Describe the problem/error/question
I am generating videos automatically at scale. I currently have 70 videos, each around 6-8MB. My workflow functioned perfectly when processing a single video. However, callin.io times out when I attempt to run the node for all 70 videos. I'm trying to understand the service's size and memory limitations and how to handle large file sizes. This process also worked when uploading 5 videos at a time, but I'm unsure about potential issues with large files and would appreciate any assistance or insights on how to prevent this timeout.
What is the error message (if any)?
Timeout
Please share your workflow
Share the output returned by the last node
Information on your callin.io setup
- callin.io version: 1.41
- Database (default: SQLite):
- callin.io EXECUTIONS_PROCESS setting (default: own, main):
- Running callin.io via (Docker, npm, callin.io cloud, desktop app): Docker
- Operating system:
I am auto-generating videos at scale. I have 70 videos right now that are about 6-8mb each, and I made my workflow work perfectly when I did this for one video. The problem is that callin.io times out when I try to run the node for 70 videos
Hi, I am very sorry you’re having trouble.
To avoid hitting any resource limits when processing a large number of files, I suggest you split your workflow into two separate workflows: One “parent” (fetching your Sheet with the individual URLs) and one “child” (doing the heavy lifting of first downloading a file, then uploading it to your Google Cloud Storage).
You can then use the Split In Batches node in your parent workflow and split your data into small batches of maybe 5 URLs at a time. Your parent would then call the child workflow through the Execute Workflow node.
The advantage of this approach is that all resources required by the child workflow execution would become available again after each child workflow execution finishes, provided you only return a very small (or possibly empty) result to the parent. So instead of having to keep 70 videos in memory at once, your callin.io instance only needs to keep 5 videos in memory at once.

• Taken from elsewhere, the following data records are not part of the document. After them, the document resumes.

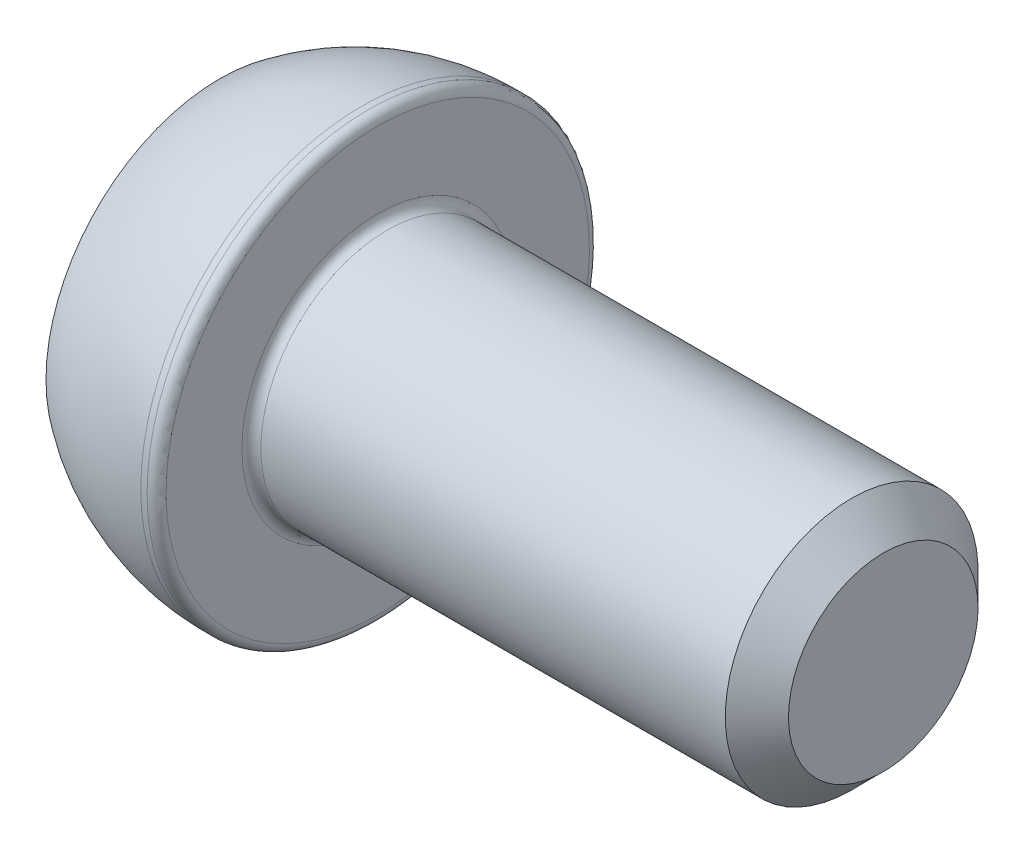
ISO-10303-21;
HEADER;
FILE_DESCRIPTION(('STEP AP214'),'2;1');
FILE_NAME('part.step','',(''),(''),'','','');
FILE_SCHEMA(('AUTOMOTIVE_DESIGN { 1 0 10303 214 1 1 1 1 }'));
ENDSEC;
DATA;
#1=APPLICATION_CONTEXT('core data for automotive mechanical design processes');
#2=APPLICATION_PROTOCOL_DEFINITION('international standard','automotive_design',2000,#1);
#3=PRODUCT_CONTEXT('',#1,'mechanical');
#4=PRODUCT('Part','Part','',(#3));
#5=PRODUCT_RELATED_PRODUCT_CATEGORY('part','',(#4));
#6=PRODUCT_DEFINITION_FORMATION('','',#4);
#7=PRODUCT_DEFINITION_CONTEXT('part definition',#1,'design');
#8=PRODUCT_DEFINITION('design','',#6,#7);
#9=PRODUCT_DEFINITION_SHAPE('','',#8);
#10=(LENGTH_UNIT() NAMED_UNIT(*) SI_UNIT(.MILLI.,.METRE.));
#11=(NAMED_UNIT(*) PLANE_ANGLE_UNIT() SI_UNIT($,.RADIAN.));
#12=(NAMED_UNIT(*) SI_UNIT($,.STERADIAN.) SOLID_ANGLE_UNIT());
#13=UNCERTAINTY_MEASURE_WITH_UNIT(LENGTH_MEASURE(1.E-05),#10,'distance_accuracy_value','');
#14=(GEOMETRIC_REPRESENTATION_CONTEXT(3) GLOBAL_UNCERTAINTY_ASSIGNED_CONTEXT((#13)) GLOBAL_UNIT_ASSIGNED_CONTEXT((#10,
#11,#12)) REPRESENTATION_CONTEXT('',''));
#15=CARTESIAN_POINT('',(0.,0.,0.));
#16=DIRECTION('',(0.,0.,1.));
#17=DIRECTION('',(1.,0.,0.));
#18=AXIS2_PLACEMENT_3D('',#15,#16,#17);
#19=CARTESIAN_POINT('',(0.,0.,0.));
#20=DIRECTION('',(-1.,0.,0.));
#21=DIRECTION('',(0.,-1.,0.));
#22=AXIS2_PLACEMENT_3D('',#19,#20,#21);
#23=PLANE('',#22);
#24=DIRECTION('',(0.,0.866025403784438,-0.5));
#25=VECTOR('',#24,1.);
#26=CARTESIAN_POINT('',(0.,0.,3.46410161513775));
#27=LINE('',#26,#25);
#28=CARTESIAN_POINT('',(0.,0.,3.46410161513775));
#29=VERTEX_POINT('',#28);
#30=CARTESIAN_POINT('',(0.,3.,1.73205080756888));
#31=VERTEX_POINT('',#30);
#32=EDGE_CURVE('E55',#29,#31,#27,.T.);
#33=ORIENTED_EDGE('',*,*,#32,.F.);
#34=DIRECTION('',(0.,0.866025403784438,0.5));
#35=VECTOR('',#34,1.);
#36=CARTESIAN_POINT('',(0.,-3.,1.73205080756888));
#37=LINE('',#36,#35);
#38=CARTESIAN_POINT('',(0.,-3.,1.73205080756888));
#39=VERTEX_POINT('',#38);
#40=EDGE_CURVE('E138',#39,#29,#37,.T.);
#41=ORIENTED_EDGE('',*,*,#40,.F.);
#42=DIRECTION('',(0.,0.,1.));
#43=VECTOR('',#42,1.);
#44=CARTESIAN_POINT('',(0.,-3.,-1.73205080756888));
#45=LINE('',#44,#43);
#46=CARTESIAN_POINT('',(0.,-3.,-1.73205080756888));
#47=VERTEX_POINT('',#46);
#48=EDGE_CURVE('E136',#47,#39,#45,.T.);
#49=ORIENTED_EDGE('',*,*,#48,.F.);
#50=DIRECTION('',(0.,-0.866025403784438,0.5));
#51=VECTOR('',#50,1.);
#52=CARTESIAN_POINT('',(0.,0.,-3.46410161513775));
#53=LINE('',#52,#51);
#54=CARTESIAN_POINT('',(0.,0.,-3.46410161513775));
#55=VERTEX_POINT('',#54);
#56=EDGE_CURVE('E103',#55,#47,#53,.T.);
#57=ORIENTED_EDGE('',*,*,#56,.F.);
#58=DIRECTION('',(0.,-0.866025403784439,-0.5));
#59=VECTOR('',#58,1.);
#60=CARTESIAN_POINT('',(0.,3.,-1.73205080756888));
#61=LINE('',#60,#59);
#62=CARTESIAN_POINT('',(0.,3.,-1.73205080756888));
#63=VERTEX_POINT('',#62);
#64=EDGE_CURVE('E132',#63,#55,#61,.T.);
#65=ORIENTED_EDGE('',*,*,#64,.F.);
#66=DIRECTION('',(0.,0.,-1.));
#67=VECTOR('',#66,1.);
#68=CARTESIAN_POINT('',(0.,3.,1.73205080756888));
#69=LINE('',#68,#67);
#70=EDGE_CURVE('E129',#31,#63,#69,.T.);
#71=ORIENTED_EDGE('',*,*,#70,.F.);
#72=EDGE_LOOP('',(#33,#41,#49,#57,#65,#71));
#73=FACE_BOUND('',#72,.T.);
#74=CARTESIAN_POINT('',(0.,0.,0.));
#75=DIRECTION('',(1.,0.,0.));
#76=DIRECTION('',(0.,1.,0.));
#77=AXIS2_PLACEMENT_3D('',#74,#75,#76);
#78=CIRCLE('',#77,5.5);
#79=CARTESIAN_POINT('',(0.,5.5,0.));
#80=VERTEX_POINT('',#79);
#81=EDGE_CURVE('E150',#80,#80,#78,.T.);
#82=ORIENTED_EDGE('',*,*,#81,.F.);
#83=EDGE_LOOP('',(#82));
#84=FACE_BOUND('',#83,.T.);
#85=ADVANCED_FACE('F39',(#73,#84),#23,.T.);
#86=CARTESIAN_POINT('',(4.5,0.,0.));
#87=DIRECTION('',(1.,0.,0.));
#88=DIRECTION('',(0.,1.,0.));
#89=AXIS2_PLACEMENT_3D('',#86,#87,#88);
#90=DEGENERATE_TOROIDAL_SURFACE('',#89,0.500000000000003,7.5,.F.);
#91=ORIENTED_EDGE('',*,*,#81,.T.);
#92=EDGE_LOOP('',(#91));
#93=FACE_BOUND('',#92,.T.);
#94=CARTESIAN_POINT('',(4.5,0.,0.));
#95=DIRECTION('',(1.,0.,0.));
#96=DIRECTION('',(0.,1.,0.));
#97=AXIS2_PLACEMENT_3D('',#94,#95,#96);
#98=CIRCLE('',#97,7.);
#99=CARTESIAN_POINT('',(4.5,7.,0.));
#100=VERTEX_POINT('',#99);
#101=EDGE_CURVE('E142',#100,#100,#98,.T.);
#102=ORIENTED_EDGE('',*,*,#101,.F.);
#103=EDGE_LOOP('',(#102));
#104=FACE_BOUND('',#103,.T.);
#105=ADVANCED_FACE('F179',(#93,#104),#90,.F.);
#106=CARTESIAN_POINT('',(21.,0.,0.));
#107=DIRECTION('',(1.,0.,0.));
#108=DIRECTION('',(0.,1.,0.));
#109=AXIS2_PLACEMENT_3D('',#106,#107,#108);
#110=CYLINDRICAL_SURFACE('',#109,6.99999999999999);
#111=CARTESIAN_POINT('',(4.7,0.,0.));
#112=DIRECTION('',(1.,0.,0.));
#113=DIRECTION('',(0.,1.,0.));
#114=AXIS2_PLACEMENT_3D('',#111,#112,#113);
#115=CIRCLE('',#114,6.99999999999999);
#116=CARTESIAN_POINT('',(4.7,7.,0.));
#117=VERTEX_POINT('',#116);
#118=EDGE_CURVE('E162',#117,#117,#115,.F.);
#119=ORIENTED_EDGE('',*,*,#118,.T.);
#120=EDGE_LOOP('',(#119));
#121=FACE_BOUND('',#120,.T.);
#122=ORIENTED_EDGE('',*,*,#101,.T.);
#123=EDGE_LOOP('',(#122));
#124=FACE_BOUND('',#123,.T.);
#125=ADVANCED_FACE('F185',(#121,#124),#110,.T.);
#126=CARTESIAN_POINT('',(5.,7.,0.));
#127=DIRECTION('',(1.,0.,0.));
#128=DIRECTION('',(0.,1.,0.));
#129=AXIS2_PLACEMENT_3D('',#126,#127,#128);
#130=PLANE('',#129);
#131=CARTESIAN_POINT('',(5.,0.,0.));
#132=DIRECTION('',(1.,0.,0.));
#133=DIRECTION('',(0.,1.,0.));
#134=AXIS2_PLACEMENT_3D('',#131,#132,#133);
#135=CIRCLE('',#134,4.29999999999999);
#136=CARTESIAN_POINT('',(5.,4.3,0.));
#137=VERTEX_POINT('',#136);
#138=EDGE_CURVE('E159',#137,#137,#135,.F.);
#139=ORIENTED_EDGE('',*,*,#138,.T.);
#140=EDGE_LOOP('',(#139));
#141=FACE_BOUND('',#140,.T.);
#142=CARTESIAN_POINT('',(5.,0.,0.));
#143=DIRECTION('',(1.,0.,0.));
#144=DIRECTION('',(0.,1.,0.));
#145=AXIS2_PLACEMENT_3D('',#142,#143,#144);
#146=CIRCLE('',#145,6.69999999999999);
#147=CARTESIAN_POINT('',(5.,6.7,0.));
#148=VERTEX_POINT('',#147);
#149=EDGE_CURVE('E156',#148,#148,#146,.T.);
#150=ORIENTED_EDGE('',*,*,#149,.T.);
#151=EDGE_LOOP('',(#150));
#152=FACE_BOUND('',#151,.T.);
#153=ADVANCED_FACE('F204',(#141,#152),#130,.T.);
#154=CARTESIAN_POINT('',(21.,0.,0.));
#155=DIRECTION('',(1.,0.,0.));
#156=DIRECTION('',(0.,1.,0.));
#157=AXIS2_PLACEMENT_3D('',#154,#155,#156);
#158=CYLINDRICAL_SURFACE('',#157,3.99999999999999);
#159=CARTESIAN_POINT('',(20.,0.,0.));
#160=DIRECTION('',(1.,0.,0.));
#161=DIRECTION('',(0.,1.,0.));
#162=AXIS2_PLACEMENT_3D('',#159,#160,#161);
#163=CIRCLE('',#162,3.99999999999999);
#164=CARTESIAN_POINT('',(20.,4.,0.));
#165=VERTEX_POINT('',#164);
#166=EDGE_CURVE('E11',#165,#165,#163,.F.);
#167=ORIENTED_EDGE('',*,*,#166,.T.);
#168=EDGE_LOOP('',(#167));
#169=FACE_BOUND('',#168,.T.);
#170=CARTESIAN_POINT('',(5.3,0.,0.));
#171=DIRECTION('',(1.,0.,0.));
#172=DIRECTION('',(0.,1.,0.));
#173=AXIS2_PLACEMENT_3D('',#170,#171,#172);
#174=CIRCLE('',#173,3.99999999999999);
#175=CARTESIAN_POINT('',(5.3,4.,0.));
#176=VERTEX_POINT('',#175);
#177=EDGE_CURVE('E153',#176,#176,#174,.T.);
#178=ORIENTED_EDGE('',*,*,#177,.T.);
#179=EDGE_LOOP('',(#178));
#180=FACE_BOUND('',#179,.T.);
#181=ADVANCED_FACE('F202',(#169,#180),#158,.T.);
#182=CARTESIAN_POINT('',(21.,4.,0.));
#183=DIRECTION('',(1.,0.,0.));
#184=DIRECTION('',(0.,1.,0.));
#185=AXIS2_PLACEMENT_3D('',#182,#183,#184);
#186=PLANE('',#185);
#187=CARTESIAN_POINT('',(21.,0.,0.));
#188=DIRECTION('',(1.,0.,0.));
#189=DIRECTION('',(0.,1.,0.));
#190=AXIS2_PLACEMENT_3D('',#187,#188,#189);
#191=CIRCLE('',#190,3.);
#192=CARTESIAN_POINT('',(21.,3.,0.));
#193=VERTEX_POINT('',#192);
#194=EDGE_CURVE('E48',#193,#193,#191,.T.);
#195=ORIENTED_EDGE('',*,*,#194,.T.);
#196=EDGE_LOOP('',(#195));
#197=FACE_BOUND('',#196,.T.);
#198=ADVANCED_FACE('F167',(#197),#186,.T.);
#199=CARTESIAN_POINT('',(3.,0.,3.46410161513775));
#200=DIRECTION('',(0.,0.5,0.866025403784439));
#201=DIRECTION('',(0.,-0.866025403784439,0.5));
#202=AXIS2_PLACEMENT_3D('',#199,#200,#201);
#203=PLANE('',#202);
#204=ORIENTED_EDGE('',*,*,#32,.T.);
#205=DIRECTION('',(-1.,0.,0.));
#206=VECTOR('',#205,1.);
#207=CARTESIAN_POINT('',(3.,3.,1.73205080756888));
#208=LINE('',#207,#206);
#209=CARTESIAN_POINT('',(3.,3.,1.73205080756888));
#210=VERTEX_POINT('',#209);
#211=EDGE_CURVE('E85',#210,#31,#208,.T.);
#212=ORIENTED_EDGE('',*,*,#211,.F.);
#213=DIRECTION('',(0.,0.866025403784438,-0.5));
#214=VECTOR('',#213,1.);
#215=CARTESIAN_POINT('',(3.,0.,3.46410161513775));
#216=LINE('',#215,#214);
#217=CARTESIAN_POINT('',(3.,0.,3.46410161513775));
#218=VERTEX_POINT('',#217);
#219=EDGE_CURVE('E140',#218,#210,#216,.T.);
#220=ORIENTED_EDGE('',*,*,#219,.F.);
#221=DIRECTION('',(-1.,0.,0.));
#222=VECTOR('',#221,1.);
#223=CARTESIAN_POINT('',(3.,0.,3.46410161513775));
#224=LINE('',#223,#222);
#225=EDGE_CURVE('E63',#218,#29,#224,.T.);
#226=ORIENTED_EDGE('',*,*,#225,.T.);
#227=EDGE_LOOP('',(#204,#212,#220,#226));
#228=FACE_BOUND('',#227,.T.);
#229=ADVANCED_FACE('F211',(#228),#203,.F.);
#230=CARTESIAN_POINT('',(3.,-3.,1.73205080756888));
#231=DIRECTION('',(0.,-0.5,0.866025403784439));
#232=DIRECTION('',(0.,-0.866025403784439,-0.5));
#233=AXIS2_PLACEMENT_3D('',#230,#231,#232);
#234=PLANE('',#233);
#235=ORIENTED_EDGE('',*,*,#40,.T.);
#236=ORIENTED_EDGE('',*,*,#225,.F.);
#237=DIRECTION('',(0.,0.866025403784438,0.5));
#238=VECTOR('',#237,1.);
#239=CARTESIAN_POINT('',(3.,-3.,1.73205080756888));
#240=LINE('',#239,#238);
#241=CARTESIAN_POINT('',(3.,-3.,1.73205080756888));
#242=VERTEX_POINT('',#241);
#243=EDGE_CURVE('E115',#242,#218,#240,.T.);
#244=ORIENTED_EDGE('',*,*,#243,.F.);
#245=DIRECTION('',(-1.,0.,0.));
#246=VECTOR('',#245,1.);
#247=CARTESIAN_POINT('',(3.,-3.,1.73205080756888));
#248=LINE('',#247,#246);
#249=EDGE_CURVE('E107',#242,#39,#248,.T.);
#250=ORIENTED_EDGE('',*,*,#249,.T.);
#251=EDGE_LOOP('',(#235,#236,#244,#250));
#252=FACE_BOUND('',#251,.T.);
#253=ADVANCED_FACE('F270',(#252),#234,.F.);
#254=CARTESIAN_POINT('',(3.,-3.,-1.73205080756888));
#255=DIRECTION('',(0.,-1.,0.));
#256=DIRECTION('',(0.,0.,-1.));
#257=AXIS2_PLACEMENT_3D('',#254,#255,#256);
#258=PLANE('',#257);
#259=ORIENTED_EDGE('',*,*,#48,.T.);
#260=ORIENTED_EDGE('',*,*,#249,.F.);
#261=DIRECTION('',(0.,0.,1.));
#262=VECTOR('',#261,1.);
#263=CARTESIAN_POINT('',(3.,-3.,-1.73205080756888));
#264=LINE('',#263,#262);
#265=CARTESIAN_POINT('',(3.,-3.,-1.73205080756888));
#266=VERTEX_POINT('',#265);
#267=EDGE_CURVE('E111',#266,#242,#264,.T.);
#268=ORIENTED_EDGE('',*,*,#267,.F.);
#269=DIRECTION('',(-1.,0.,0.));
#270=VECTOR('',#269,1.);
#271=CARTESIAN_POINT('',(3.,-3.,-1.73205080756888));
#272=LINE('',#271,#270);
#273=EDGE_CURVE('E96',#266,#47,#272,.T.);
#274=ORIENTED_EDGE('',*,*,#273,.T.);
#275=EDGE_LOOP('',(#259,#260,#268,#274));
#276=FACE_BOUND('',#275,.T.);
#277=ADVANCED_FACE('F112',(#276),#258,.F.);
#278=CARTESIAN_POINT('',(3.,0.,-3.46410161513775));
#279=DIRECTION('',(0.,-0.5,-0.866025403784439));
#280=DIRECTION('',(0.,0.866025403784439,-0.5));
#281=AXIS2_PLACEMENT_3D('',#278,#279,#280);
#282=PLANE('',#281);
#283=ORIENTED_EDGE('',*,*,#56,.T.);
#284=ORIENTED_EDGE('',*,*,#273,.F.);
#285=DIRECTION('',(0.,-0.866025403784438,0.5));
#286=VECTOR('',#285,1.);
#287=CARTESIAN_POINT('',(3.,0.,-3.46410161513775));
#288=LINE('',#287,#286);
#289=CARTESIAN_POINT('',(3.,0.,-3.46410161513775));
#290=VERTEX_POINT('',#289);
#291=EDGE_CURVE('E100',#290,#266,#288,.T.);
#292=ORIENTED_EDGE('',*,*,#291,.F.);
#293=DIRECTION('',(-1.,0.,0.));
#294=VECTOR('',#293,1.);
#295=CARTESIAN_POINT('',(3.,0.,-3.46410161513775));
#296=LINE('',#295,#294);
#297=EDGE_CURVE('E108',#290,#55,#296,.T.);
#298=ORIENTED_EDGE('',*,*,#297,.T.);
#299=EDGE_LOOP('',(#283,#284,#292,#298));
#300=FACE_BOUND('',#299,.T.);
#301=ADVANCED_FACE('F98',(#300),#282,.F.);
#302=CARTESIAN_POINT('',(3.,3.,-1.73205080756888));
#303=DIRECTION('',(0.,0.5,-0.866025403784439));
#304=DIRECTION('',(0.,0.866025403784439,0.5));
#305=AXIS2_PLACEMENT_3D('',#302,#303,#304);
#306=PLANE('',#305);
#307=ORIENTED_EDGE('',*,*,#64,.T.);
#308=ORIENTED_EDGE('',*,*,#297,.F.);
#309=DIRECTION('',(0.,-0.866025403784439,-0.5));
#310=VECTOR('',#309,1.);
#311=CARTESIAN_POINT('',(3.,3.,-1.73205080756888));
#312=LINE('',#311,#310);
#313=CARTESIAN_POINT('',(3.,3.,-1.73205080756888));
#314=VERTEX_POINT('',#313);
#315=EDGE_CURVE('E121',#314,#290,#312,.T.);
#316=ORIENTED_EDGE('',*,*,#315,.F.);
#317=DIRECTION('',(-1.,0.,0.));
#318=VECTOR('',#317,1.);
#319=CARTESIAN_POINT('',(3.,3.,-1.73205080756888));
#320=LINE('',#319,#318);
#321=EDGE_CURVE('E145',#314,#63,#320,.T.);
#322=ORIENTED_EDGE('',*,*,#321,.T.);
#323=EDGE_LOOP('',(#307,#308,#316,#322));
#324=FACE_BOUND('',#323,.T.);
#325=ADVANCED_FACE('F287',(#324),#306,.F.);
#326=CARTESIAN_POINT('',(3.,3.,1.73205080756888));
#327=DIRECTION('',(0.,1.,0.));
#328=DIRECTION('',(0.,0.,1.));
#329=AXIS2_PLACEMENT_3D('',#326,#327,#328);
#330=PLANE('',#329);
#331=ORIENTED_EDGE('',*,*,#70,.T.);
#332=ORIENTED_EDGE('',*,*,#321,.F.);
#333=DIRECTION('',(0.,0.,-1.));
#334=VECTOR('',#333,1.);
#335=CARTESIAN_POINT('',(3.,3.,1.73205080756888));
#336=LINE('',#335,#334);
#337=EDGE_CURVE('E123',#210,#314,#336,.T.);
#338=ORIENTED_EDGE('',*,*,#337,.F.);
#339=ORIENTED_EDGE('',*,*,#211,.T.);
#340=EDGE_LOOP('',(#331,#332,#338,#339));
#341=FACE_BOUND('',#340,.T.);
#342=ADVANCED_FACE('F196',(#341),#330,.F.);
#343=CARTESIAN_POINT('',(3.,0.,0.));
#344=DIRECTION('',(-1.,0.,0.));
#345=DIRECTION('',(0.,0.,1.));
#346=AXIS2_PLACEMENT_3D('',#343,#344,#345);
#347=PLANE('',#346);
#348=ORIENTED_EDGE('',*,*,#219,.T.);
#349=ORIENTED_EDGE('',*,*,#337,.T.);
#350=ORIENTED_EDGE('',*,*,#315,.T.);
#351=ORIENTED_EDGE('',*,*,#291,.T.);
#352=ORIENTED_EDGE('',*,*,#267,.T.);
#353=ORIENTED_EDGE('',*,*,#243,.T.);
#354=EDGE_LOOP('',(#348,#349,#350,#351,#352,#353));
#355=FACE_BOUND('',#354,.T.);
#356=ADVANCED_FACE('F118',(#355),#347,.T.);
#357=CARTESIAN_POINT('',(5.3,0.,0.));
#358=DIRECTION('',(1.,0.,0.));
#359=DIRECTION('',(0.,1.,0.));
#360=AXIS2_PLACEMENT_3D('',#357,#358,#359);
#361=TOROIDAL_SURFACE('',#360,4.29999999999999,0.3);
#362=ORIENTED_EDGE('',*,*,#138,.F.);
#363=EDGE_LOOP('',(#362));
#364=FACE_BOUND('',#363,.T.);
#365=ORIENTED_EDGE('',*,*,#177,.F.);
#366=EDGE_LOOP('',(#365));
#367=FACE_BOUND('',#366,.T.);
#368=ADVANCED_FACE('F175',(#364,#367),#361,.F.);
#369=CARTESIAN_POINT('',(4.7,0.,0.));
#370=DIRECTION('',(1.,0.,0.));
#371=DIRECTION('',(0.,1.,0.));
#372=AXIS2_PLACEMENT_3D('',#369,#370,#371);
#373=TOROIDAL_SURFACE('',#372,6.69999999999999,0.3);
#374=ORIENTED_EDGE('',*,*,#118,.F.);
#375=EDGE_LOOP('',(#374));
#376=FACE_BOUND('',#375,.T.);
#377=ORIENTED_EDGE('',*,*,#149,.F.);
#378=EDGE_LOOP('',(#377));
#379=FACE_BOUND('',#378,.T.);
#380=ADVANCED_FACE('F170',(#376,#379),#373,.T.);
#381=CARTESIAN_POINT('',(21.,0.,0.));
#382=DIRECTION('',(-1.,0.,0.));
#383=DIRECTION('',(0.,-1.,0.));
#384=AXIS2_PLACEMENT_3D('',#381,#382,#383);
#385=CONICAL_SURFACE('',#384,3.,0.785398163397446);
#386=ORIENTED_EDGE('',*,*,#166,.F.);
#387=EDGE_LOOP('',(#386));
#388=FACE_BOUND('',#387,.T.);
#389=ORIENTED_EDGE('',*,*,#194,.F.);
#390=EDGE_LOOP('',(#389));
#391=FACE_BOUND('',#390,.T.);
#392=ADVANCED_FACE('F42',(#388,#391),#385,.T.);
#393=CLOSED_SHELL('',(#85,#105,#125,#153,#181,#198,#229,#253,#277,#301,#325,#342,#356,#368,#380,#392));
#394=MANIFOLD_SOLID_BREP('B2',#393);
#395=ADVANCED_BREP_SHAPE_REPRESENTATION('',(#18,#394),#14);
#396=SHAPE_DEFINITION_REPRESENTATION(#9,#395);
ENDSEC;
END-ISO-10303-21;

Here’s how this could look like:
Parent workflow
Child workflow
On a slightly related note, you probably want to make sure to set the N8N_DEFAULT_BINARY_DATA_MODE=filesystem
environment variable to avoid using your memory for keeping large amounts binary data
Thank you so much!! I will try this out in my workflow. Appreciate the help for a n00b
Another question: I've been utilizing the batching functionality extensively, so thank you for showing me that!
I'm curious about best practices regarding the number of items to include in a batch. Currently, creating a batch of 1, running my script, writing to Google Sheets, and looping through this process has been effective, allowing me to see my output immediately. However, I'm unsure if there's an unknown factor making this approach highly inefficient. While I'm not charged per API call for any of my services, I'd appreciate insights into the advantages and disadvantages of using larger versus smaller batches, and any potential risks to be aware of.
Hi, the short answer is “it depends” (but you probably knew this already
). Here are my thoughts on this:
Creating a batch of 1, running my script, writing to Google Sheets and just looping that has been working well since I can see my output immediately, but I’m not sure if there’s something that I don’t know which makes this super inefficient.
So specifically with regards to Google this is slightly less efficient than processing multiple items at once, but not by much. Using batches means you’ll call some nodes more than once, and each additional node execution comes at a small cost depending on your specific setup (typically very small fractions of a second in terms of computing time).
However, the Google Sheets API isn’t very performant anyway, so the usual waiting time when calling this API will outweigh the aforementioned overhead by far.
I’m not paying per API call on any of my services, but just wanted to know what the pros/cons are of larger or smaller batches, and if there are any dangers to be aware of, if you could speak to that.
pro:
- less data processed with each individual sub-workflow execution which increases overall stability
- better visibility (you can see partial progress when manually executing your workflow)
cons
- slightly slower (this might matter when you work with very fast databases on your local network, but probably not when using external services such as Google Sheets or Airtable for example)
- more API calls are being used (again, whether this matters will depend on the exact services you use)
Most often you probably want to pick a batch size larger than 1 but smaller than the total amount of items to get the best of both worlds.
Hope this makes sense!
Yes, thank you so much!! I believe you're correct that with GSheets, the benefits of reliability (and simpler debugging when an issue arises, at least you'll know which row caused it) might outweigh the potential for it to be slower, as that's less critical for me in this specific scenario. Thanks for helping me consider this!
This discussion was automatically closed 90 days following the last response. New responses are no longer permitted.